Welding Continuity plates with multipass gasless, or gas shielded flux-core welding wire process has inherent problems that the NGI-ESW process eliminates. First, the weld has to be made into a backup bar that, in most cases should be removed and back gouged to insure a sound weld on the top and bottom of the moment plate. Second, each time a pass is made in a multipass weld, the base metal is first heated by the weld bead and then cools and stresses the weld joint. This puts the weld in tension. Each time a weld pass is made, tension in the weld joint is increased. The "K-Area" of the column is already work hardened and highly stressed because of the multiple rolling actions created when the column is formed. When a multipass weld passes over the "K-Area" of the column, the stress/strain increases. If this stress/strain becomes excessive, small cracks occur. Then either by fatigue or large stress/strain (as in the case of an earthquake) the small cracks will propagate and a weld failure will follow.

The 3500-degree molten flux puddle floating on top of the molten weld metal preheats the parent material, eliminating the need for preheating. The weld is done in one pass.

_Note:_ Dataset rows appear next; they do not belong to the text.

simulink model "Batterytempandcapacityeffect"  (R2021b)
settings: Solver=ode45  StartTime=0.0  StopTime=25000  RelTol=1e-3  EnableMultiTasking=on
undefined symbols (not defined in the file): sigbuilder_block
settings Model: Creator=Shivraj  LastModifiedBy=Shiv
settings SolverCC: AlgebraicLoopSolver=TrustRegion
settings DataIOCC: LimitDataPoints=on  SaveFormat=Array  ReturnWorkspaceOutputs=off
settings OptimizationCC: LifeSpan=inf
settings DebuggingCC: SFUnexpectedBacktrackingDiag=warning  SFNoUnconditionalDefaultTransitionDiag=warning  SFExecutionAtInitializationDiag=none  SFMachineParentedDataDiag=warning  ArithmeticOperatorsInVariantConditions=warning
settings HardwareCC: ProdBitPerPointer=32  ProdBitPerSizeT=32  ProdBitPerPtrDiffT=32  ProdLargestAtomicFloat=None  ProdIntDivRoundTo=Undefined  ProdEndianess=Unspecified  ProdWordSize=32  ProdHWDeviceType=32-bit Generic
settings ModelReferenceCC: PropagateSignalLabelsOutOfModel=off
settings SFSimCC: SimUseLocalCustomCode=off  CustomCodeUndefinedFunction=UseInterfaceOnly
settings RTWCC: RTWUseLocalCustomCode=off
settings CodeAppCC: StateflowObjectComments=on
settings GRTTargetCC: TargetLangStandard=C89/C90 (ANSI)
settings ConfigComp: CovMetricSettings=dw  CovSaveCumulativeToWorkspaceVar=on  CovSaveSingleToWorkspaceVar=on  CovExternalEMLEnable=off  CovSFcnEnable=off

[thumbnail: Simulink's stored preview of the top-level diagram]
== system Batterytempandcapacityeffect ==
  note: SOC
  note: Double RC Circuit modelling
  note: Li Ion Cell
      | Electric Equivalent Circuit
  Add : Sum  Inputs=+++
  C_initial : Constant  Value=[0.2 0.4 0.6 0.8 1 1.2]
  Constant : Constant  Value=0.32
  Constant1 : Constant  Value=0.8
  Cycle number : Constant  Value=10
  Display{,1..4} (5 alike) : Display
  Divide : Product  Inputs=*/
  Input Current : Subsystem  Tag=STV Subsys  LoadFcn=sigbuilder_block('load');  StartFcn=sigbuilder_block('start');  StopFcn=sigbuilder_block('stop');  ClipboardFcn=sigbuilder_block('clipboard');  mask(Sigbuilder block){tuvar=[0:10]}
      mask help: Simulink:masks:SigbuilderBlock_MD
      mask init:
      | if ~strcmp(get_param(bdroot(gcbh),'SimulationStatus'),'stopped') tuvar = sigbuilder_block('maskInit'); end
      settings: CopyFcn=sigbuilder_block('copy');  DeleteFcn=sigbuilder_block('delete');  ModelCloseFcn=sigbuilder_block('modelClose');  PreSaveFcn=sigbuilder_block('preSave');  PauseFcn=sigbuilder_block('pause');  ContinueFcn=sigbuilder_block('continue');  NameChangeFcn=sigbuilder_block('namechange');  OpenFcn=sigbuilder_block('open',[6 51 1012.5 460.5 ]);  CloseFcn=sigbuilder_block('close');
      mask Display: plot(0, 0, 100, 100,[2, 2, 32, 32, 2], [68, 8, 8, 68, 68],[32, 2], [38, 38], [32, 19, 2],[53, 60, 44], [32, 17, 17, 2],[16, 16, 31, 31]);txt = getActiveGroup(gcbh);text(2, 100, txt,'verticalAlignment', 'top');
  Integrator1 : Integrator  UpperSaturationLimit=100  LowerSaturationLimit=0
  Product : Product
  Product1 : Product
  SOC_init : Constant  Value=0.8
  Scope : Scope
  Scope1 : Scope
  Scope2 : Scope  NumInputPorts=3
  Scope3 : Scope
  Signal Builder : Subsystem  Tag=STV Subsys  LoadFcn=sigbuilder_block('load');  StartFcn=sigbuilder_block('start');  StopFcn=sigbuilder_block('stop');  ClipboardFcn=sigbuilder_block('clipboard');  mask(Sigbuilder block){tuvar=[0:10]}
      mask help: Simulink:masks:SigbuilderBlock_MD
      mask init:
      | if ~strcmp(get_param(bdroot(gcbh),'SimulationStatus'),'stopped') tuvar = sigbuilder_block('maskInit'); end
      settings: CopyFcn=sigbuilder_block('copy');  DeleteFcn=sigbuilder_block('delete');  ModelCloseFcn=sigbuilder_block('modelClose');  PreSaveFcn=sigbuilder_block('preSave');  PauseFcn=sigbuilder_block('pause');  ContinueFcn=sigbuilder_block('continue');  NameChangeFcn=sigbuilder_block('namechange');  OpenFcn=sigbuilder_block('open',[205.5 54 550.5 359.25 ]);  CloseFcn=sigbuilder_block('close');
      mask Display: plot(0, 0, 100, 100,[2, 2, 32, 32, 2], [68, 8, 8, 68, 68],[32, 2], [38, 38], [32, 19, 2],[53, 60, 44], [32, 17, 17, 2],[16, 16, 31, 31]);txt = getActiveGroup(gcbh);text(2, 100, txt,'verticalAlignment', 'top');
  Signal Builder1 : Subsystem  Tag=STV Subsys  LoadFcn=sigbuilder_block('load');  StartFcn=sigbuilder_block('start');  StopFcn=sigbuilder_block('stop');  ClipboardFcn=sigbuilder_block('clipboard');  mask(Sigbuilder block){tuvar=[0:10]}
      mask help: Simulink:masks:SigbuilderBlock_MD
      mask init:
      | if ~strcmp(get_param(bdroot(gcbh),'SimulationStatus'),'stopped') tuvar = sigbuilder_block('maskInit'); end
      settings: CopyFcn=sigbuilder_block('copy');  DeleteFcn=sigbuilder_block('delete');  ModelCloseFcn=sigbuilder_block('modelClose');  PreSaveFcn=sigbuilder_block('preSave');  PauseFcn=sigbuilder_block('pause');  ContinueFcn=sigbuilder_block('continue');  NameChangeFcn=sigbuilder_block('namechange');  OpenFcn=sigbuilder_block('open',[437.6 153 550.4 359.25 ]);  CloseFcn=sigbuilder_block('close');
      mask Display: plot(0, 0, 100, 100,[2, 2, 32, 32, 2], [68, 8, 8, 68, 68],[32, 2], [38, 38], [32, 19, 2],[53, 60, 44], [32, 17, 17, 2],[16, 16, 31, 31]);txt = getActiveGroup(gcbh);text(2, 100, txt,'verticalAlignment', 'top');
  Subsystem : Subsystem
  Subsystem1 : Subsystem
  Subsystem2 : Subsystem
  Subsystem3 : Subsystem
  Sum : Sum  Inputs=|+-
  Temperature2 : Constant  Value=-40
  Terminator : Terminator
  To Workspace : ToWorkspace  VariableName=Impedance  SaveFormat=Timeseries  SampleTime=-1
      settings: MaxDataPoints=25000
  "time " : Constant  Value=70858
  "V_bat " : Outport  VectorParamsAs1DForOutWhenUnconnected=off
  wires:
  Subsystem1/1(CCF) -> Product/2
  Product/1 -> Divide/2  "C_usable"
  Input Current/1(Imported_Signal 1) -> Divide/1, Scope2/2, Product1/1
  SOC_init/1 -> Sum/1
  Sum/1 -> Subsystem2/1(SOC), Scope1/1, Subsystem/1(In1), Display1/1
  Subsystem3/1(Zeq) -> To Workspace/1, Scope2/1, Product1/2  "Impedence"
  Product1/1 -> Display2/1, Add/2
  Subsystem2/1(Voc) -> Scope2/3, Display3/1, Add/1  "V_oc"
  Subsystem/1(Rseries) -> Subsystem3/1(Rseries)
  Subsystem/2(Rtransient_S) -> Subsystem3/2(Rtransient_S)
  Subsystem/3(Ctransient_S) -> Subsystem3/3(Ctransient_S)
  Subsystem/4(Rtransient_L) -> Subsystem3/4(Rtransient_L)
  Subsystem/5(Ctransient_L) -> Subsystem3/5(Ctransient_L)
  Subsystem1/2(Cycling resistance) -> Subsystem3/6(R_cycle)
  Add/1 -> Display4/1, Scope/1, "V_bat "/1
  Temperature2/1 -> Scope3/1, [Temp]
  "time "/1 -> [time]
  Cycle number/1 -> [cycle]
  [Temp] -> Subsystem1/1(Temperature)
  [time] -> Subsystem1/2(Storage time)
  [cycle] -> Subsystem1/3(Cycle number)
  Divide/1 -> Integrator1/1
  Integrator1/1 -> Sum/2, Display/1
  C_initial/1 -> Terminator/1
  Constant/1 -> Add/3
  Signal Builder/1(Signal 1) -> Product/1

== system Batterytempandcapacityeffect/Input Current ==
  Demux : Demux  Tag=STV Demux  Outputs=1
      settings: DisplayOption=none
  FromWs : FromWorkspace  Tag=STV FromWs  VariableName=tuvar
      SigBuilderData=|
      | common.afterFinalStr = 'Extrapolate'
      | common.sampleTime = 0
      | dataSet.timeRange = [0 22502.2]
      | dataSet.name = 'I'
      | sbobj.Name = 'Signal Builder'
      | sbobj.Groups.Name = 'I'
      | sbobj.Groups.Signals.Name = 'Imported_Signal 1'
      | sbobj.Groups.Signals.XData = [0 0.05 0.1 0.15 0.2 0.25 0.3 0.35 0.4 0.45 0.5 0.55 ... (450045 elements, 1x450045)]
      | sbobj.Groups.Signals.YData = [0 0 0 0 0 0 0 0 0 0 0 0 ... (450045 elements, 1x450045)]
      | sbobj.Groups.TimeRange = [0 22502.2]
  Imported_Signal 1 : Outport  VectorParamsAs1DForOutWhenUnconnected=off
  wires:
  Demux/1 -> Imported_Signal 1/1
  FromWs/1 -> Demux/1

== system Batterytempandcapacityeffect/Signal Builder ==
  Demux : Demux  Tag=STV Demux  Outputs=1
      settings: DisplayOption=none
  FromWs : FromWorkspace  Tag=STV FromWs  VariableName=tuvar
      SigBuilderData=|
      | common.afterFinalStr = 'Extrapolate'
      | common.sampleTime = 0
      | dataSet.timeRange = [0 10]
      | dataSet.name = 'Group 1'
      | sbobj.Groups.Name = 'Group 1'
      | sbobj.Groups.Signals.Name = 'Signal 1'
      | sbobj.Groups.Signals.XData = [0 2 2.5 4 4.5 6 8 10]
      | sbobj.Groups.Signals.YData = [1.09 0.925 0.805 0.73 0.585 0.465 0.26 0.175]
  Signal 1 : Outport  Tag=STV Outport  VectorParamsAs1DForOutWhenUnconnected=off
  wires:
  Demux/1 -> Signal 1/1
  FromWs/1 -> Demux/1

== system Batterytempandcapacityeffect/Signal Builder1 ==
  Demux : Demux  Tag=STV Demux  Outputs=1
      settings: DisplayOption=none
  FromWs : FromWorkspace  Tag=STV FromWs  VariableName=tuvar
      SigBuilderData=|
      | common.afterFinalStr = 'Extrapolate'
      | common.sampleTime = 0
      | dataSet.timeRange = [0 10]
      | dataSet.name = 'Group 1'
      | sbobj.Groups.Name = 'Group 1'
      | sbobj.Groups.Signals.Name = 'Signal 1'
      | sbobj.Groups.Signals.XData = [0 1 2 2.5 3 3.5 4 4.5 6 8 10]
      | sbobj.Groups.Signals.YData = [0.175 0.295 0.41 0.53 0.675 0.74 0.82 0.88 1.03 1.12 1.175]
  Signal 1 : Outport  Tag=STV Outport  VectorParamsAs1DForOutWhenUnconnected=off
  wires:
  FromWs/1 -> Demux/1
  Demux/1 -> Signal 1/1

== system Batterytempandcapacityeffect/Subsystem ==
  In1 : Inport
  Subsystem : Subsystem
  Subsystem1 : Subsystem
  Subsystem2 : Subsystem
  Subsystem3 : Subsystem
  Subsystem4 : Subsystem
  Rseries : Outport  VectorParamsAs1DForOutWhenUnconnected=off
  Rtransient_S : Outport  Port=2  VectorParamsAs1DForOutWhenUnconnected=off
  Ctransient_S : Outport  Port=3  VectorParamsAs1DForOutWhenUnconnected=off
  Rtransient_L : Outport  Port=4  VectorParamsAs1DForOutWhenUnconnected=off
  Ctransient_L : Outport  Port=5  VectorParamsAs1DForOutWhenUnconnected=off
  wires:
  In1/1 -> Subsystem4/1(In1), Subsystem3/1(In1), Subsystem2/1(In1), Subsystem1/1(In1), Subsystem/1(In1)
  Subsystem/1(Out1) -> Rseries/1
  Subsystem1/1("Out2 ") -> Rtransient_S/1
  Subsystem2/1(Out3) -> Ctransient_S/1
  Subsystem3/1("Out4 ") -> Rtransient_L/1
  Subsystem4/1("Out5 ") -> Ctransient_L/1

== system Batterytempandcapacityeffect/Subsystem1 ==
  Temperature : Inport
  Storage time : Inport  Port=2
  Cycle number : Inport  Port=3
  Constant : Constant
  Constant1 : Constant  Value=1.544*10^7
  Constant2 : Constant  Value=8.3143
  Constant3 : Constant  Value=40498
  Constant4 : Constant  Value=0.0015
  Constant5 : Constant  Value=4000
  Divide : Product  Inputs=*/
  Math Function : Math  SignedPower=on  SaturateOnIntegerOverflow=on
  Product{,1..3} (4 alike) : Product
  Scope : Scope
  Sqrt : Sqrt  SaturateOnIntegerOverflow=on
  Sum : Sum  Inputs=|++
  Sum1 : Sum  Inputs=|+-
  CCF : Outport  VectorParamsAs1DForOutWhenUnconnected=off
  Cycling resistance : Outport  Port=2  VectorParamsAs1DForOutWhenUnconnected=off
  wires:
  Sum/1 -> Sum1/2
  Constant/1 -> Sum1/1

Prior to welding, the “K-area” is removed and the weld proceeds from the bottom of the flange to the top of the flange in one single pass. As the weld progresses vertically upward, it passes through a Keyhole in the web (where the K-Area has been removed). As the weld progresses through the web, either side of the K-area is annealed; eliminating both the work hardened area and residual stresses -practically eliminating the potential for crack propagation.

Arcmatic Welding Systems started welding continuity plates with the exact same equipment used by OGI to develop the NGI-ESW welding process. We soon found that equipment used in a University Lab by graduate students (working free of charge), was not the best equipment for structural steel fabricators – not all structural steel fabricators have welders working on their PHDs in welding. Arcmatic quickly discovered that the original equipment used by OGI had to have better controls so that less skilled workers could produce superior quality welds by letting the equipment control the welding variables. To accomplish this we decided to control of the variables of the NGI-ESW process with a computer program. This computerized welding control had to be robust and fool proof. After a welding program had been developed to create a perfect weld, all of the variables used to create that perfect weld had to be stored into a program and recalled when the same weld had to be repeated. We tried to take the decision process for making a perfect weld away from the hands of the operator.

Arcmatic took the NGI-ESW process and designed a welding system that made it possible for an unskilled welding operator to make a perfect weld every time. This computerized welding system, designed to use the NGI-ESW welding process is called by Arcmatic, the VERTASLAG welding system.

Arcmatic started the design of the VertaSlag welding system in 1993. We designed and perfected the equipment and the process from 1993-to-2001. During that time Arcmatic worked closely with one structural steel fabrication company – Cofab Steel in Vallejo, California. Cofab bid jobs and developed PQR’s that qualified each and every application to conform to the AWS D1.1 Structural Welding Code. Various jobs were performed over this 7- to-8 year period, generating Zero failures or weld defects.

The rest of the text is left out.